Die Entstehung von Overwatch ist voller Ideen und Konzepte, die die Entwickler jedoch nicht weiter verfolgt haben. Nun sprach Jeff Kaplan in einem Interview über einige dieser Geheimnisse.

von David Gillengerten,
27.05.2017 10:20 Uhr

Im Rahmen der Spieleentwicklung ist es nicht ungewöhnlich, dass Ideen und Konzepte aufkommen, sie dann jedoch wieder verschwinden oder nur in abgeschwächter Form ins fertige Spiel implementiert werden. Sechs von diesen Entstehungsgeheimnissen rund um die Tanks von Overwatch hat nun Jeff Kaplan im Interview mit IGN offenbart.

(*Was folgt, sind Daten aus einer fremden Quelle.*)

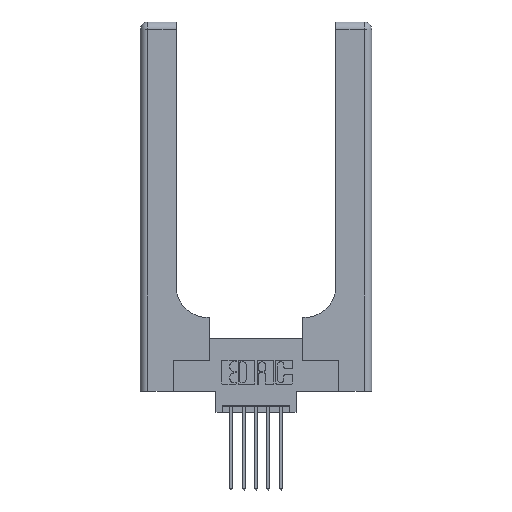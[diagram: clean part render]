
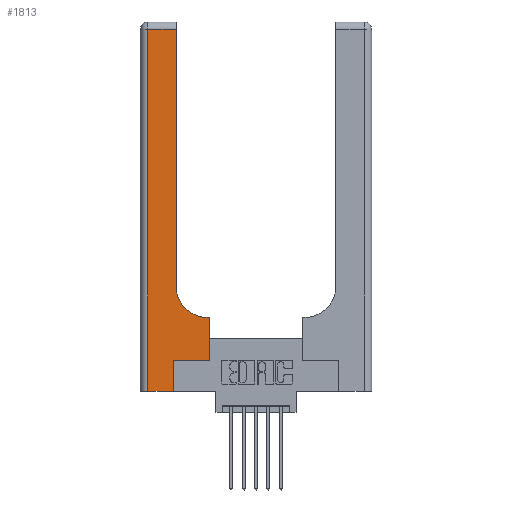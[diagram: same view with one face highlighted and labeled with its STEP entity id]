
A CAD part, top view. The second image highlights one B-rep face of the part: STEP entity #1813.
In plain terms, the highlighted planar face has unit normal (0, 0, 1).
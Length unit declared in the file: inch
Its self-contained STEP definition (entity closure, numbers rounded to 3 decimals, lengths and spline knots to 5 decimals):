
#220 = CARTESIAN_POINT ( 'NONE',  ( 0., 2.94, 0.37 ) ) ;
#384 = ORIENTED_EDGE ( 'NONE', *, *, #6422, .T. ) ;
#393 = CARTESIAN_POINT ( 'NONE',  ( 0.2915, 2.94, 0.37 ) ) ;
#498 = CARTESIAN_POINT ( 'NONE',  ( 0., 0., 0.37 ) ) ;
#913 = CARTESIAN_POINT ( 'NONE',  ( 0.5585, 0.25, 0.37 ) ) ;
#1409 = CARTESIAN_POINT ( 'NONE',  ( 0.5415, 0.6, 0.37 ) ) ;
#1493 = LINE ( 'NONE', #10851, #10210 ) ;
#1585 = DIRECTION ( 'NONE',  ( 1., 0., 0. ) ) ;
#1813 = ADVANCED_FACE ( 'NONE', ( #1856 ), #2951, .F. ) ;
#1829 = VERTEX_POINT ( 'NONE', #2965 ) ;
#1856 = FACE_OUTER_BOUND ( 'NONE', #11460, .T. ) ;
#1953 = VECTOR ( 'NONE', #1585, 39.37008 ) ;
#2014 = LINE ( 'NONE', #13337, #10722 ) ;
#2323 = LINE ( 'NONE', #498, #1953 ) ;
#2409 = CARTESIAN_POINT ( 'NONE',  ( 0.06, 0., 0.37 ) ) ;
#2827 = CARTESIAN_POINT ( 'NONE',  ( 0.269, 0.25, 0.37 ) ) ;
#2909 = DIRECTION ( 'NONE',  ( -1., 0., 0. ) ) ;
#2913 = EDGE_CURVE ( 'NONE', #4453, #8752, #9865, .T. ) ;
#2914 = DIRECTION ( 'NONE',  ( 0., 0., -1. ) ) ;
#2951 = PLANE ( 'NONE',  #9264 ) ;
#2965 = CARTESIAN_POINT ( 'NONE',  ( 0.5585, 0.6, 0.37 ) ) ;
#3077 = CARTESIAN_POINT ( 'NONE',  ( 0., 3., 0.37 ) ) ;
#3258 = DIRECTION ( 'NONE',  ( 0., 1., 0. ) ) ;
#4159 = ORIENTED_EDGE ( 'NONE', *, *, #9912, .T. ) ;
#4453 = VERTEX_POINT ( 'NONE', #2827 ) ;
#4674 = VERTEX_POINT ( 'NONE', #2409 ) ;
#4840 = CARTESIAN_POINT ( 'NONE',  ( 0.269, 0., 0.37 ) ) ;
#4956 = CARTESIAN_POINT ( 'NONE',  ( 0.5415, 0.85, 0.37 ) ) ;
#5500 = EDGE_CURVE ( 'NONE', #7525, #8345, #11374, .T. ) ;
#5542 = EDGE_CURVE ( 'NONE', #4674, #13997, #2323, .T. ) ;
#6073 = DIRECTION ( 'NONE',  ( 1., 0., 0. ) ) ;
#6422 = EDGE_CURVE ( 'NONE', #11693, #7273, #6661, .T. ) ;
#6431 = DIRECTION ( 'NONE',  ( 1., 0., 0. ) ) ;
#6434 = CARTESIAN_POINT ( 'NONE',  ( 0.269, 0.25, 0.37 ) ) ;
#6451 = VECTOR ( 'NONE', #8050, 39.37008 ) ;
#6571 = DIRECTION ( 'NONE',  ( 0., -1., 0. ) ) ;
#6661 = LINE ( 'NONE', #220, #12047 ) ;
#6892 = DIRECTION ( 'NONE',  ( -1., 0., 0. ) ) ;
#6934 = CARTESIAN_POINT ( 'NONE',  ( 0.2915, 3., 0.37 ) ) ;
#7084 = VECTOR ( 'NONE', #6431, 39.37008 ) ;
#7092 = ORIENTED_EDGE ( 'NONE', *, *, #2913, .T. ) ;
#7273 = VERTEX_POINT ( 'NONE', #10797 ) ;
#7525 = VERTEX_POINT ( 'NONE', #1409 ) ;
#7747 = ORIENTED_EDGE ( 'NONE', *, *, #5500, .T. ) ;
#8050 = DIRECTION ( 'NONE',  ( 0., 1., 0. ) ) ;
#8345 = VERTEX_POINT ( 'NONE', #11989 ) ;
#8752 = VERTEX_POINT ( 'NONE', #12632 ) ;
#9098 = DIRECTION ( 'NONE',  ( -1., 0., 0. ) ) ;
#9215 = ORIENTED_EDGE ( 'NONE', *, *, #10227, .T. ) ;
#9254 = LINE ( 'NONE', #6934, #6451 ) ;
#9264 = AXIS2_PLACEMENT_3D ( 'NONE', #3077, #2914, #2909 ) ;
#9865 = LINE ( 'NONE', #6434, #7084 ) ;
#9868 = VECTOR ( 'NONE', #3258, 39.37008 ) ;
#9912 = EDGE_CURVE ( 'NONE', #13997, #4453, #11101, .T. ) ;
#10210 = VECTOR ( 'NONE', #6571, 39.37008 ) ;
#10214 = ORIENTED_EDGE ( 'NONE', *, *, #10219, .T. ) ;
#10219 = EDGE_CURVE ( 'NONE', #8752, #1829, #12808, .T. ) ;
#10227 = EDGE_CURVE ( 'NONE', #7273, #4674, #1493, .T. ) ;
#10394 = EDGE_CURVE ( 'NONE', #1829, #7525, #2014, .T. ) ;
#10722 = VECTOR ( 'NONE', #6892, 39.37008 ) ;
#10797 = CARTESIAN_POINT ( 'NONE',  ( 0.06, 2.94, 0.37 ) ) ;
#10851 = CARTESIAN_POINT ( 'NONE',  ( 0.06, 3., 0.37 ) ) ;
#11101 = LINE ( 'NONE', #4840, #13965 ) ;
#11306 = DIRECTION ( 'NONE',  ( 0., 1., 0. ) ) ;
#11374 = CIRCLE ( 'NONE', #13905, 0.25 ) ;
#11460 = EDGE_LOOP ( 'NONE', ( #11787, #384, #9215, #12123, #4159, #7092, #10214, #13150, #7747 ) ) ;
#11693 = VERTEX_POINT ( 'NONE', #393 ) ;
#11787 = ORIENTED_EDGE ( 'NONE', *, *, #12251, .T. ) ;
#11989 = CARTESIAN_POINT ( 'NONE',  ( 0.2915, 0.85, 0.37 ) ) ;
#12047 = VECTOR ( 'NONE', #9098, 39.37008 ) ;
#12123 = ORIENTED_EDGE ( 'NONE', *, *, #5542, .T. ) ;
#12251 = EDGE_CURVE ( 'NONE', #8345, #11693, #9254, .T. ) ;
#12473 = CARTESIAN_POINT ( 'NONE',  ( 0.269, 0., 0.37 ) ) ;
#12507 = DIRECTION ( 'NONE',  ( 0., 0., -1. ) ) ;
#12632 = CARTESIAN_POINT ( 'NONE',  ( 0.5585, 0.25, 0.37 ) ) ;
#12808 = LINE ( 'NONE', #913, #9868 ) ;
#13150 = ORIENTED_EDGE ( 'NONE', *, *, #10394, .T. ) ;
#13337 = CARTESIAN_POINT ( 'NONE',  ( 0.2915, 0.6, 0.37 ) ) ;
#13905 = AXIS2_PLACEMENT_3D ( 'NONE', #4956, #12507, #6073 ) ;
#13965 = VECTOR ( 'NONE', #11306, 39.37008 ) ;
#13997 = VERTEX_POINT ( 'NONE', #12473 ) ;

So war zum Beispiel an einem Punkt von Overwatch geplant, das Reinhard eigentlich nur ein Roboter ist, der von einem kleinen Mädchen gesteuert wird - ähnlich wie aktuell Orisa. D.Va beschreibt Kaplan als den anfälligsten Helden für Bugs, Winston und Roadhog waren anfänglich gar nicht für das Spiel geplant.

Zarya sollte hingegen als Bruch mit dem typischen Frauenklischee in Computerspielen fungieren. Orisa war bei internen Tests kein eigener Charakter, sondern Zarya im Gothic-Skin mit Bastions Waffe.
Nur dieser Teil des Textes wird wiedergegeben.